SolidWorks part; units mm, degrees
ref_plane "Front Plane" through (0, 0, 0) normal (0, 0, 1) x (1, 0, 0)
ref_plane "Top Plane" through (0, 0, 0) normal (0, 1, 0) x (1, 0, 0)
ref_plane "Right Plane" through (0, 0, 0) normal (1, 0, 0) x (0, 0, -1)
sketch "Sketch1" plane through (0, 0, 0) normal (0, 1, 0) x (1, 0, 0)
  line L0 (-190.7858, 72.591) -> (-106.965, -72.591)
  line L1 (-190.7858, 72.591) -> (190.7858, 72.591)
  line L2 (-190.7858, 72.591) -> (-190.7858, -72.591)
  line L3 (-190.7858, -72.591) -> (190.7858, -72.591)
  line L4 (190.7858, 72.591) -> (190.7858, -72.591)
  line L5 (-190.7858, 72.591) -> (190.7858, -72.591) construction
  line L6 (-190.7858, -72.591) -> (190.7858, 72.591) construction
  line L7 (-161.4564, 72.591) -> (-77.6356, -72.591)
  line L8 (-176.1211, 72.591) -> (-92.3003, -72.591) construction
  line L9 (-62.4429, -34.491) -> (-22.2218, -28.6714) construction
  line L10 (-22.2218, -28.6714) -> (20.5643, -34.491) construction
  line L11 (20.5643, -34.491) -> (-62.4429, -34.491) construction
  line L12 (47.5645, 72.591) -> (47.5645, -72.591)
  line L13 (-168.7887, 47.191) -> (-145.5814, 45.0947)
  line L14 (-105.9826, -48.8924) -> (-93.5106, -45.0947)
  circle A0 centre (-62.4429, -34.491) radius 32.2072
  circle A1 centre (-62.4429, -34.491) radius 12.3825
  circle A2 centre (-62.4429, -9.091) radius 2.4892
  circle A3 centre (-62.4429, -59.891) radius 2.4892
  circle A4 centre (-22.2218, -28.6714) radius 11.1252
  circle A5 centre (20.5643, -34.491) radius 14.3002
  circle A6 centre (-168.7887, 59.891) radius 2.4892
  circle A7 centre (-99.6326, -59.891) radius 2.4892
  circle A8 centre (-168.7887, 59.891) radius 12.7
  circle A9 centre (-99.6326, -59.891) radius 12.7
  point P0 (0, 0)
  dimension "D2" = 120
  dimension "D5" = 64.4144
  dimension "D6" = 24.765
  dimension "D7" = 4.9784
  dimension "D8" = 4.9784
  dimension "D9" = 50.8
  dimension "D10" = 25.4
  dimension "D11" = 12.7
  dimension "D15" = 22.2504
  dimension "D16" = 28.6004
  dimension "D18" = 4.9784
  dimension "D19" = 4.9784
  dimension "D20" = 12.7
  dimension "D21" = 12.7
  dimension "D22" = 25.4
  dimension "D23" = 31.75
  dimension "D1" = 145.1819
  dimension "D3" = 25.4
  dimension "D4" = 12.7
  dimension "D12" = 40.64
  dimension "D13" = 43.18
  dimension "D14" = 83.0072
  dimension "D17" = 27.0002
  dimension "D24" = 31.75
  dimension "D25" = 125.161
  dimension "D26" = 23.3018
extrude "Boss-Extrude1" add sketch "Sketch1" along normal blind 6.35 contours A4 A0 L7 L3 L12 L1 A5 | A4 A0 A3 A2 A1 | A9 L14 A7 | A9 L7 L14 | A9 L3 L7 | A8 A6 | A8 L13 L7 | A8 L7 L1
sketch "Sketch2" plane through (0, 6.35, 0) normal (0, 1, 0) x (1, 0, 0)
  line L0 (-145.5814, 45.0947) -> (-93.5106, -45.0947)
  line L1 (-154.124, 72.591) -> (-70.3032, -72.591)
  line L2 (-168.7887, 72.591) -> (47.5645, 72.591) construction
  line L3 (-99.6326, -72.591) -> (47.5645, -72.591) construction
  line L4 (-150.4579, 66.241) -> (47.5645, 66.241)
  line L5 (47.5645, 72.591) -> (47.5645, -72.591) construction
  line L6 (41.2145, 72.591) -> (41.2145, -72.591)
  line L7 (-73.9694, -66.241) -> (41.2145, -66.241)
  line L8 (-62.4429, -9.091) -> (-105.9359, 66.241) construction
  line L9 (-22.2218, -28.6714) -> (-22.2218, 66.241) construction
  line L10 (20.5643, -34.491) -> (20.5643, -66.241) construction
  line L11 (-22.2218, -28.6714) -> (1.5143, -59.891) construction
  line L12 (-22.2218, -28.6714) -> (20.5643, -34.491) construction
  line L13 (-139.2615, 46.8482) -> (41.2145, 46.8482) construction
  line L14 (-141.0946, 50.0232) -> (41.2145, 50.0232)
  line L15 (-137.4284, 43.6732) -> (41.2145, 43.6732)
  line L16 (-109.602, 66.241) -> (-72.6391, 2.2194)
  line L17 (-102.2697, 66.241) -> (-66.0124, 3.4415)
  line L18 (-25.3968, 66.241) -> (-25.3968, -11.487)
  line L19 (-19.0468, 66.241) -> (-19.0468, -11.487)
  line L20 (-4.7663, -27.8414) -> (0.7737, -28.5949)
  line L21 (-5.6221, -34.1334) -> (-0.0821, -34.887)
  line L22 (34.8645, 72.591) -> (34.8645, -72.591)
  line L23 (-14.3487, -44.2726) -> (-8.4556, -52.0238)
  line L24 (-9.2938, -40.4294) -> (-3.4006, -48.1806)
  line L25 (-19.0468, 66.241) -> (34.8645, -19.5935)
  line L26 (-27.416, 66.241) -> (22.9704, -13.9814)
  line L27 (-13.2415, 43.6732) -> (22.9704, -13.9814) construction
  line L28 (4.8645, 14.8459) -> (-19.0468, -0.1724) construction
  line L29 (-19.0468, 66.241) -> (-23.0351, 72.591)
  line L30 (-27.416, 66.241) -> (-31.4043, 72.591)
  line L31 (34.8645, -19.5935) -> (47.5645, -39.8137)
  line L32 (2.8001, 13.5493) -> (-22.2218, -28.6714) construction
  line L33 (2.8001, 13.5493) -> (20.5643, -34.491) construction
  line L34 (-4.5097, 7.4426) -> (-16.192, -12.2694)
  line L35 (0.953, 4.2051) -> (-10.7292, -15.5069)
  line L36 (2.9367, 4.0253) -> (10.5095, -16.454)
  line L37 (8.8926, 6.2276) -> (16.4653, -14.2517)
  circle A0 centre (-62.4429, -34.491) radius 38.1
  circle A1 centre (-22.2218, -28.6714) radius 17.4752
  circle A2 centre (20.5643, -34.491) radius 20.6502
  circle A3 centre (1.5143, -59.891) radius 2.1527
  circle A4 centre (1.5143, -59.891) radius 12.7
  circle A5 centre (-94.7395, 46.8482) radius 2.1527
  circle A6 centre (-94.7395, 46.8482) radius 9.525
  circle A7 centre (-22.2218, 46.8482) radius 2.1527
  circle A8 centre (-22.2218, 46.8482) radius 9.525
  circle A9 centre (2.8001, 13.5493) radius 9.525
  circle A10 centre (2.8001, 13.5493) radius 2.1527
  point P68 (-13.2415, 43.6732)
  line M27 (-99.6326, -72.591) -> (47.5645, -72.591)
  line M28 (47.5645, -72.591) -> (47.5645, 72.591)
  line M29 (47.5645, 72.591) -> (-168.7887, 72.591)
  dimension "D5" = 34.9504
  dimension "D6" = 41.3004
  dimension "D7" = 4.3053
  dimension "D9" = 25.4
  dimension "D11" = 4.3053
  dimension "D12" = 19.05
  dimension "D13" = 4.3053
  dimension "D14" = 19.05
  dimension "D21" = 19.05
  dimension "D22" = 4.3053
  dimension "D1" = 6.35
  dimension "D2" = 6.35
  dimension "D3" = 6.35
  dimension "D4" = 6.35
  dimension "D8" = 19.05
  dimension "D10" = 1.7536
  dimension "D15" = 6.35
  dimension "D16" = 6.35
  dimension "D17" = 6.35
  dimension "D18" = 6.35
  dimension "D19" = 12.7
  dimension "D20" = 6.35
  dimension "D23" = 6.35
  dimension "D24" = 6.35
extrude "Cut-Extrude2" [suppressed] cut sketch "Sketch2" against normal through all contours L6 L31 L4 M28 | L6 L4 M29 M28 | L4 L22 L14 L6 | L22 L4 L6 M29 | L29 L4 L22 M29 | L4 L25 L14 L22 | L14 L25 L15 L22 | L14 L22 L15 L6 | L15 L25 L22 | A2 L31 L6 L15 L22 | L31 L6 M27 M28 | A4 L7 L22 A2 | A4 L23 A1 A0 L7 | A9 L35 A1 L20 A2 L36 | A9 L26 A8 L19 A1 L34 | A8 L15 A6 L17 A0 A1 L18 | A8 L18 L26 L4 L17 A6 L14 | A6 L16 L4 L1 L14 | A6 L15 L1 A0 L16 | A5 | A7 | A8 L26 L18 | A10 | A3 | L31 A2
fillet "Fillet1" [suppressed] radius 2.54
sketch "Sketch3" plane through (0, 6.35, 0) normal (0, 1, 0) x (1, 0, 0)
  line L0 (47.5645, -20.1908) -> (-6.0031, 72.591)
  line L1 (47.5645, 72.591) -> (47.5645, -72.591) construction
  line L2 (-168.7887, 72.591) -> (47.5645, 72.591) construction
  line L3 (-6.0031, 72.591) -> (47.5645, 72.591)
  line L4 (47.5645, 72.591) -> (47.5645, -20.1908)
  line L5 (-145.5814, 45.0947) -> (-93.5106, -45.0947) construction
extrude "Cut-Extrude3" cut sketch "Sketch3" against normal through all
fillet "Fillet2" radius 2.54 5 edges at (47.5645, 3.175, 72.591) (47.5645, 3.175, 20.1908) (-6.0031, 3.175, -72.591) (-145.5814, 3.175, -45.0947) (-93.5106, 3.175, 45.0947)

=======

_Assignment_. Say how many lines above include "fillet". The number alone is the answer.

_Answer space_. 2